I also had a very bad experience with H& L. I got permission to start a hive at the school where I worked and was allowed to use the majority of the summer allotment of monies the program got for science. I got a package from the through their Ebay auction which CLEARLY stated shipping would be through USPS. We live on an Island in WA State and do not get UPS or Fedex on weekends. I also gave an alternate delivery address as we had a house fire and were living elsewhere until the damage was repaired.
I wanted to keep close tabs so I could tell the post office when to expect and call me when the package arrived, so I e-mailed terry to see if it had been shipped and included the CORRECT address in the e-mail. He e-mailed me back with a UPS tracking #. I was unable to get any results with the tracking # and contacted Terry again to verify. He sent the same # again and said " I was a fool to think the USPS could get it there in time" -even though his add stated that was how he shipped.
I contacted Terry yet again expressing my concerns that we did not get UPS service on our island on the weekend.

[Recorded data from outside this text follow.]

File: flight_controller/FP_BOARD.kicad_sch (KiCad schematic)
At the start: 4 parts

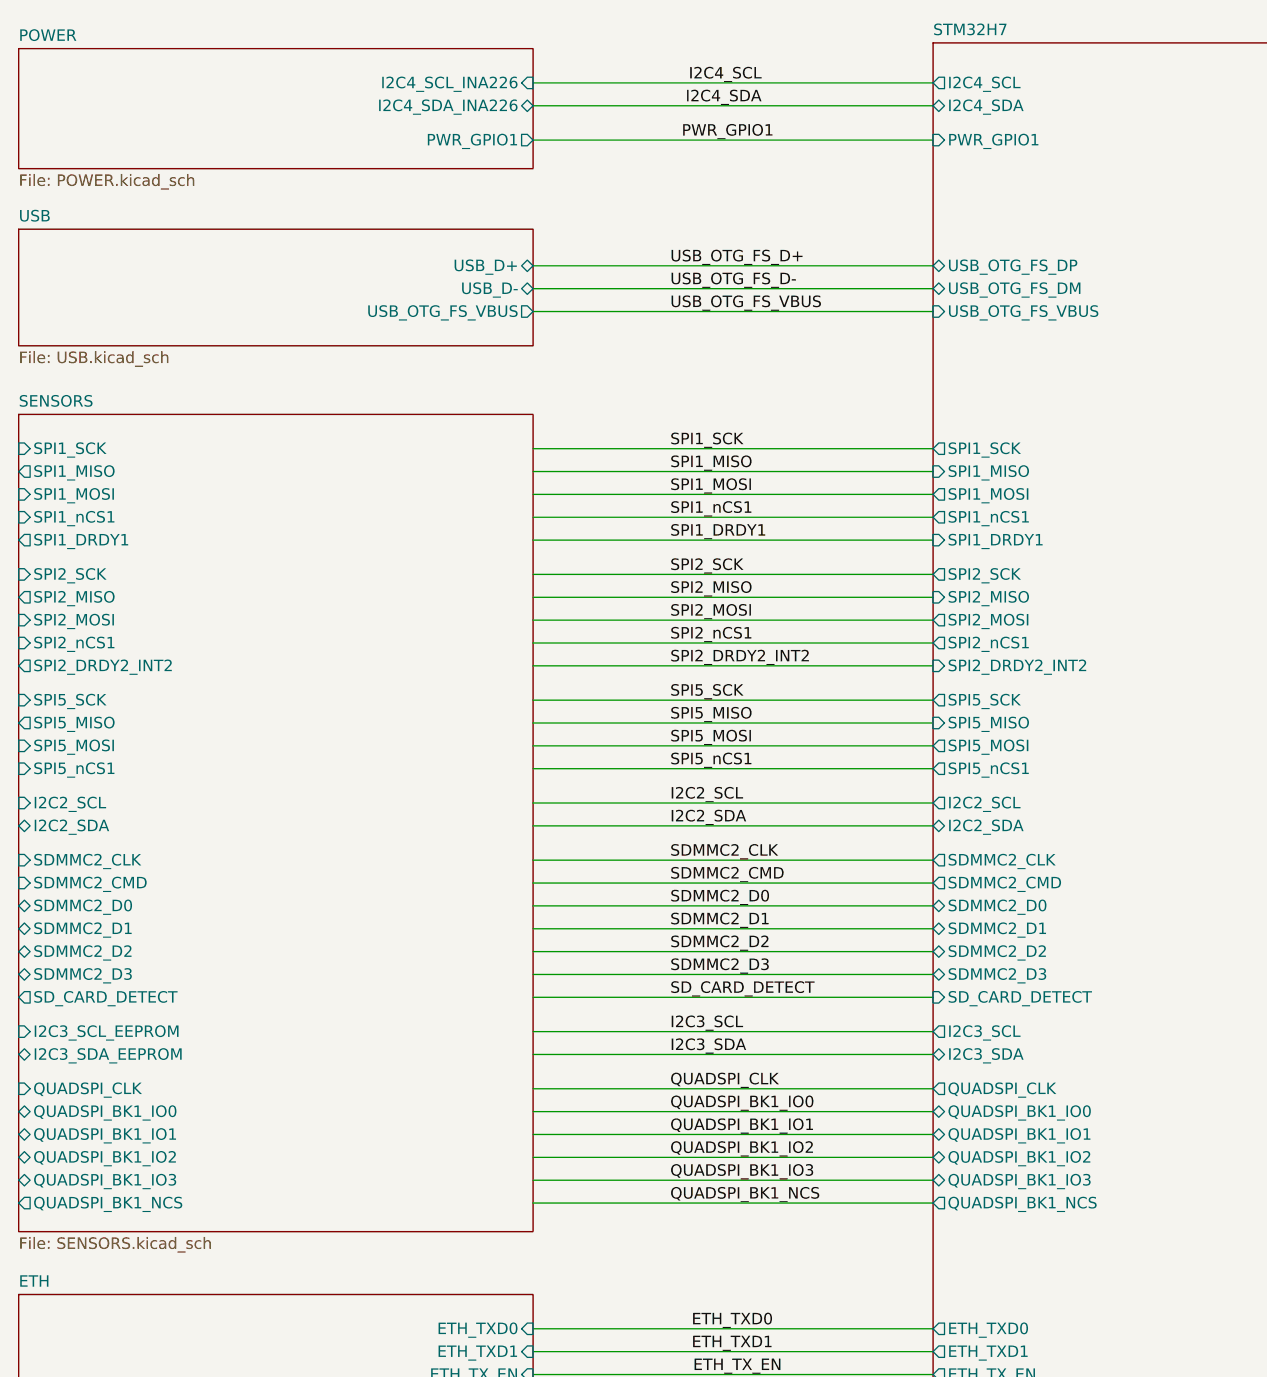
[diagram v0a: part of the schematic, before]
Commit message: Updated power and usb connectors and netlist check
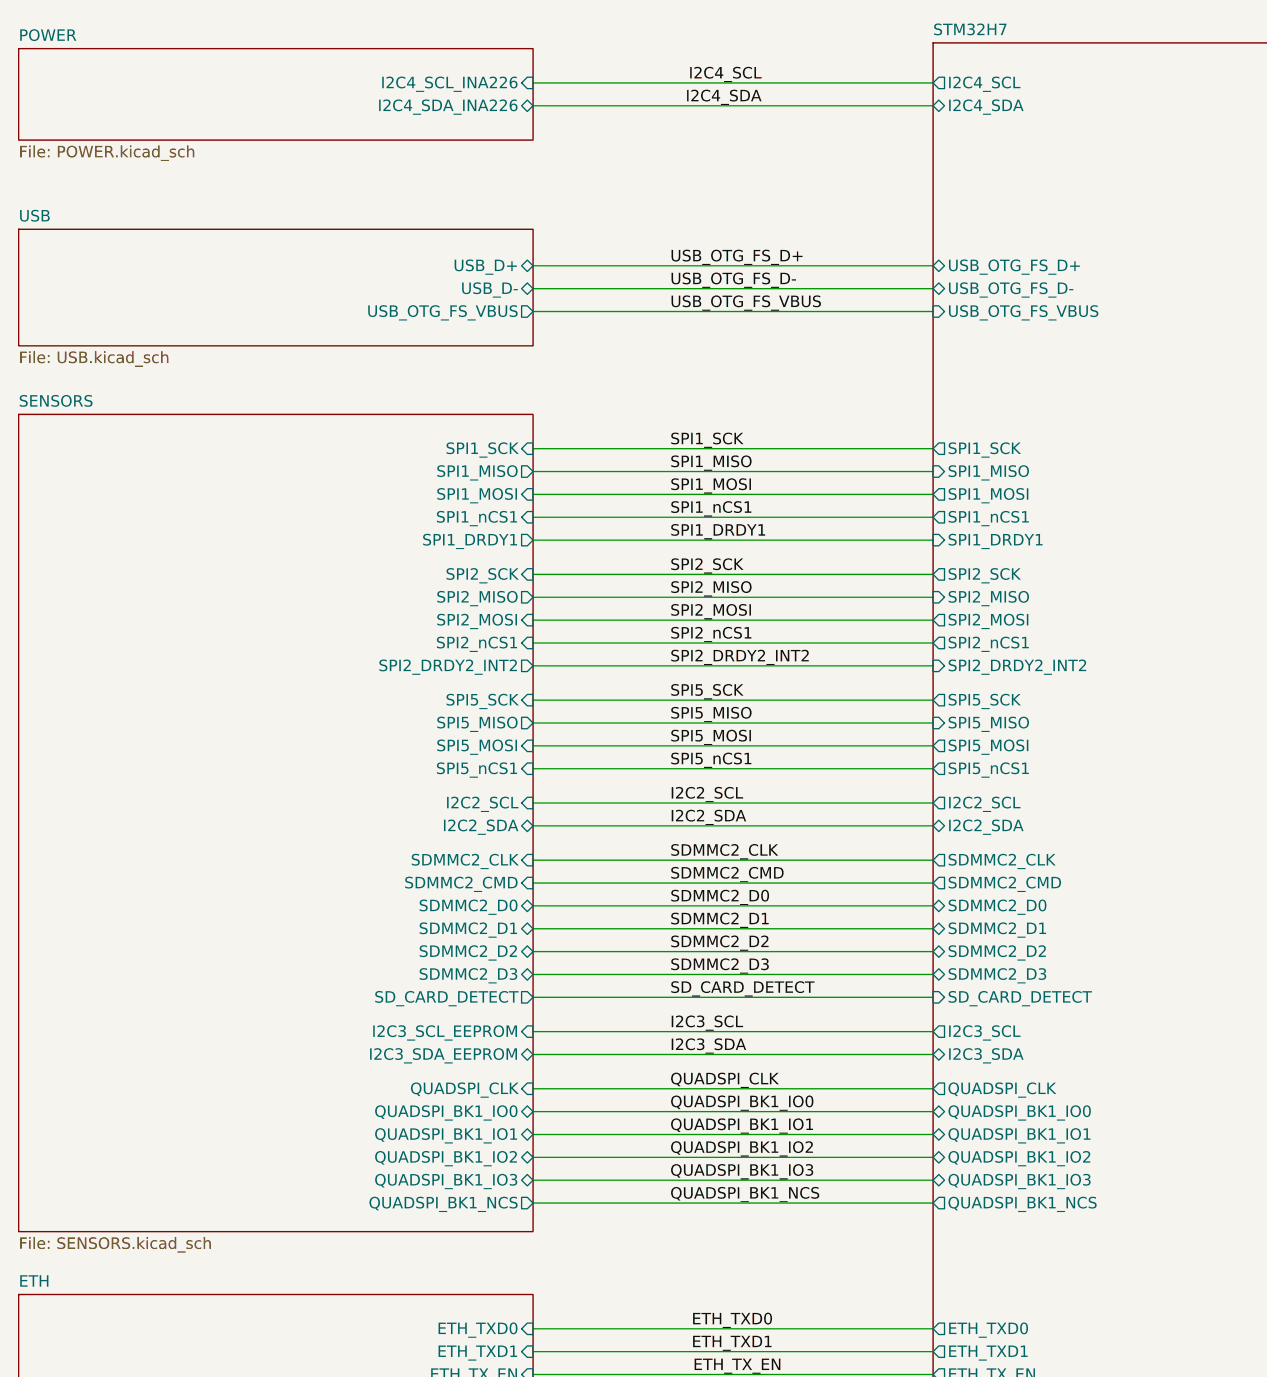
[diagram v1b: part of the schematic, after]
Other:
- sheet POWER ports: added none; removed PWR_GPIO1
- sheet STM32H7 ports: added USB_OTG_FS_D+, USB_OTG_FS_D-; removed PWR_GPIO1, USB_OTG_FS_DM, USB_OTG_FS_DP
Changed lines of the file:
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@@
 	(wire
 		(pts
-			(xy 209.55 68.58) (xy 254 68.58)
-		)
-		(stroke
-			(width 0)
-			(type default)
-		)
-	)
-	(wire
-		(pts
 			(xy 330.2 81.28) (xy 431.8 81.28)
 		)
@@
 		)
 	)
-	(label "PWR_GPIO1"
-		(at 226.06 68.58 0)
-		(effects
-			(font
-				(size 1.27 1.27)
-			)
-			(justify left bottom)
-		)
-	)
 	(label "SD_CARD_DETECT"
 		(at 224.79 163.83 0)
@@
 	(sheet
 		(at 152.4 58.42)
-		(size 57.15 13.335)
+		(size 57.15 10.16)
 		(exclude_from_sim no)
 		(in_bom yes)
@@
 		)
 		(property "Sheetfile" "POWER.kicad_sch"
-			(at 152.4 72.3396 0)
+			(at 152.4 69.1646 0)
 			(effects
 				(font
@@
 			)
 		)
-		(pin "PWR_GPIO1" output
-			(at 209.55 68.58 0)
-			(effects
-				(font
-					(size 1.27 1.27)
-				)
-				(justify right)
-			)
-		)
 		(instances
 			(project "FP_BOARD"
@@
 			)
 		)
-		(pin "PWR_GPIO1" input
-			(at 254 68.58 180)
-			(effects
-				(font
-					(size 1.27 1.27)
-				)
-				(justify left)
-			)
-		)
 		(pin "USB_OTG_FS_VBUS" input
 			(at 254 87.63 180)
@@
 			)
 		)
-		(pin "USB_OTG_FS_DM" bidirectional
-			(at 254 85.09 180)
+		(pin "USB_OTG_FS_D+" bidirectional
+			(at 254 82.55 180)
 			(effects
 				(font
@@
 			)
 		)
-		(pin "USB_OTG_FS_DP" bidirectional
-			(at 254 82.55 180)
+		(pin "USB_OTG_FS_D-" bidirectional
+			(at 254 85.09 180)
 			(effects
 				(font
@@
 		)
 		(pin "I2C2_SCL" input
-			(at 152.4 142.24 180)
+			(at 209.55 142.24 0)
 			(effects
 				(font
 					(size 1.27 1.27)
 				)
-				(justify left)
+				(justify right)
 			)
 		)
 		(pin "I2C2_SDA" bidirectional
-			(at 152.4 144.78 180)
+			(at 209.55 144.78 0)
 			(effects
 				(font
 					(size 1.27 1.27)
 				)
-				(justify left)
+				(justify right)
 			)
 		)
 		(pin "SDMMC2_CLK" input
-			(at 152.4 148.59 180)
+			(at 209.55 148.59 0)
 			(effects
 				(font
 					(size 1.27 1.27)
 				)
-				(justify left)
+				(justify right)
 			)
 		)
 		(pin "SDMMC2_CMD" input
-			(at 152.4 151.13 180)
+			(at 209.55 151.13 0)
 			(effects
 				(font
 					(size 1.27 1.27)
 				)
-				(justify left)
+				(justify right)
 			)
 		)
 		(pin "SDMMC2_D0" bidirectional
-			(at 152.4 153.67 180)
+			(at 209.55 153.67 0)
 			(effects
 				(font
 					(size 1.27 1.27)
 				)
-				(justify left)
+				(justify right)
 			)
 		)
 		(pin "SDMMC2_D1" bidirectional
-			(at 152.4 156.21 180)
+			(at 209.55 156.21 0)
 			(effects
 				(font
 					(size 1.27 1.27)
 				)
-				(justify left)
+				(justify right)
 			)
 		)
 		(pin "SDMMC2_D2" bidirectional
-			(at 152.4 158.75 180)
+			(at 209.55 158.75 0)
 			(effects
 				(font
 					(size 1.27 1.27)
 				)
-				(justify left)
+				(justify right)
 			)
 		)
 		(pin "SDMMC2_D3" bidirectional
-			(at 152.4 161.29 180)
+			(at 209.55 161.29 0)
 			(effects
 				(font
 					(size 1.27 1.27)
 				)
-				(justify left)
+				(justify right)
 			)
 		)
 		(pin "SPI1_DRDY1" output
-			(at 152.4 113.03 180)
+			(at 209.55 113.03 0)
 			(effects
 				(font
 					(size 1.27 1.27)
 				)
-				(justify left)
+				(justify right)
 			)
 		)
 		(pin "SPI1_MISO" output
-			(at 152.4 105.41 180)
+			(at 209.55 105.41 0)
 			(effects
 				(font
 					(size 1.27 1.27)
 				)
-				(justify left)
+				(justify right)
 			)
 		)
 		(pin "SPI1_MOSI" input
-			(at 152.4 107.95 180)
+			(at 209.55 107.95 0)
 			(effects
 				(font
 					(size 1.27 1.27)
 				)
-				(justify left)
+				(justify right)
 			)
 		)
 		(pin "SPI1_nCS1" input
-			(at 152.4 110.49 180)
+			(at 209.55 110.49 0)
 			(effects
 				(font
 					(size 1.27 1.27)
 				)
-				(justify left)
+				(justify right)
 			)
 		)
 		(pin "SPI1_SCK" input
-			(at 152.4 102.87 180)
+			(at 209.55 102.87 0)
 			(effects
 				(font
 					(size 1.27 1.27)
 				)
-				(justify left)
+				(justify right)
 			)
 		)
 		(pin "SPI2_DRDY2_INT2" output
-			(at 152.4 127 180)
+			(at 209.55 127 0)
 			(effects
 				(font
 					(size 1.27 1.27)
 				)
-				(justify left)
+				(justify right)
 			)
 		)
 		(pin "SPI2_MISO" output
-			(at 152.4 119.38 180)
+			(at 209.55 119.38 0)
 			(effects
 				(font
 					(size 1.27 1.27)
 				)
-				(justify left)
+				(justify right)
 			)
 		)
 		(pin "SPI2_MOSI" input
-			(at 152.4 121.92 180)
+			(at 209.55 121.92 0)
 			(effects
 				(font
 					(size 1.27 1.27)
 				)
-				(justify left)
+				(justify right)
 			)
 		)
 		(pin "SPI2_nCS1" input
-			(at 152.4 124.46 180)
+			(at 209.55 124.46 0)
 			(effects
 				(font
 					(size 1.27 1.27)
 				)
-				(justify left)
+				(justify right)
 			)
 		)
 		(pin "SPI2_SCK" input
-			(at 152.4 116.84 180)
+			(at 209.55 116.84 0)
 			(effects
 				(font
 					(size 1.27 1.27)
 				)
-				(justify left)
+				(justify right)
 			)
 		)
 		(pin "SPI5_MISO" output
-			(at 152.4 133.35 180)
+			(at 209.55 133.35 0)
 			(effects
 				(font
 					(size 1.27 1.27)
 				)
-				(justify left)
+				(justify right)
 			)
 		)
 		(pin "SPI5_MOSI" input
-			(at 152.4 135.89 180)
+			(at 209.55 135.89 0)
 			(effects
 				(font
 					(size 1.27 1.27)
 				)
-				(justify left)
+				(justify right)
 			)
 		)
 		(pin "SPI5_nCS1" input
-			(at 152.4 138.43 180)
+			(at 209.55 138.43 0)
 			(effects
 				(font
 					(size 1.27 1.27)
 				)
-				(justify left)
+				(justify right)
 			)
 		)
 		(pin "SPI5_SCK" input
-			(at 152.4 130.81 180)
+			(at 209.55 130.81 0)
 			(effects
 				(font
 					(size 1.27 1.27)
 				)
-				(justify left)
+				(justify right)
 			)
 		)
 		(pin "I2C3_SCL_EEPROM" input
-			(at 152.4 167.64 180)
+			(at 209.55 167.64 0)
 			(effects
 				(font
 					(size 1.27 1.27)
 				)
-				(justify left)
+				(justify right)
 			)
 		)
 		(pin "I2C3_SDA_EEPROM" bidirectional
-			(at 152.4 170.18 180)
+			(at 209.55 170.18 0)
 			(effects
 				(font
 					(size 1.27 1.27)
 				)
-				(justify left)
+				(justify right)
 			)
 		)
 		(pin "QUADSPI_BK1_IO0" bidirectional
-			(at 152.4 176.53 180)
+			(at 209.55 176.53 0)
 			(effects
 				(font
 					(size 1.27 1.27)
 				)
-				(justify left)
+				(justify right)
 			)
 		)
 		(pin "QUADSPI_BK1_IO1" bidirectional
-			(at 152.4 179.07 180)
+			(at 209.55 179.07 0)
 			(effects
 				(font
 					(size 1.27 1.27)
 				)
-				(justify left)
+				(justify right)
 			)
 		)
 		(pin "QUADSPI_BK1_IO2" bidirectional
-			(at 152.4 181.61 180)
+			(at 209.55 181.61 0)
 			(effects
 				(font
 					(size 1.27 1.27)
 				)
-				(justify left)
+				(justify right)
 			)
 		)
 		(pin "QUADSPI_BK1_IO3" bidirectional
-			(at 152.4 184.15 180)
+			(at 209.55 184.15 0)
 			(effects
 				(font
 					(size 1.27 1.27)
 				)
-				(justify left)
+				(justify right)
 			)
 		)
 		(pin "QUADSPI_BK1_NCS" output
-			(at 152.4 186.69 180)
+			(at 209.55 186.69 0)
 			(effects
 				(font
 					(size 1.27 1.27)
 				)
-				(justify left)
+				(justify right)
 			)
 		)
 		(pin "QUADSPI_CLK" input
-			(at 152.4 173.99 180)
+			(at 209.55 173.99 0)
 			(effects
 				(font
 					(size 1.27 1.27)
 				)
-				(justify left)
+				(justify right)
 			)
 		)
 		(pin "SD_CARD_DETECT" output
-			(at 152.4 163.83 180)
+			(at 209.55 163.83 0)
 			(effects
 				(font
 					(size 1.27 1.27)
 				)
-				(justify left)
+				(justify right)
 			)
 		)

He responded that "It was not his problem and it was not his fault I lived where the sun did not shine"
I found out through UPS that the bees had been delivered to the burnt house and I found them there after they had been there a day. They were in OK shape and I was able to install them into the hive at the school. 
I left a NEUTRAL feedback for Terry on Ebay, not negative. Terry contacted me very angry because I had diminished his Ebay rating by doing this and told me he was banning me from buying from him again. No problem there!


----------



## Robwest (Jan 28, 2012)

I bought a queen couple of months ago wont buy another


----------



## thomas (Apr 23, 2006)

Went to see terry outfit and was treated like a king he has been going thru some thing's but i have been dealing with them for years and i did not have no problems his bees are part of my breeding program for my area. He try to do the best he can and to make things right but if you have a problem all you have to do is call him he is a good guy and runs a pretty cool outfit i will get bees from him without any trouble.I do know that the post office has alot to do with getting bees on time they have been taking thier time sending me my bees from terry i know he sends them priority mail which is two days but i get mine infour day instead of two thats lame on the post office part.

Thomas Yancey


----------



## Broke-T (Jul 9, 2008)

I ship queens thru USPS. If you want 1 or 2 day you must use express mail not priority. There is no delivery time guarantee with priority mail.

Johnny


----------



## camero7 (Sep 21, 2009)

Broke-T said:


> I ship queens thru USPS. If you want 1 or 2 day you must use express mail not priority. There is no delivery time guarantee with priority mail.
> 
> Johnny


Johnny's correct. I shipped a couple of queens priority and it took 4 days to go less than 200 miles.


----------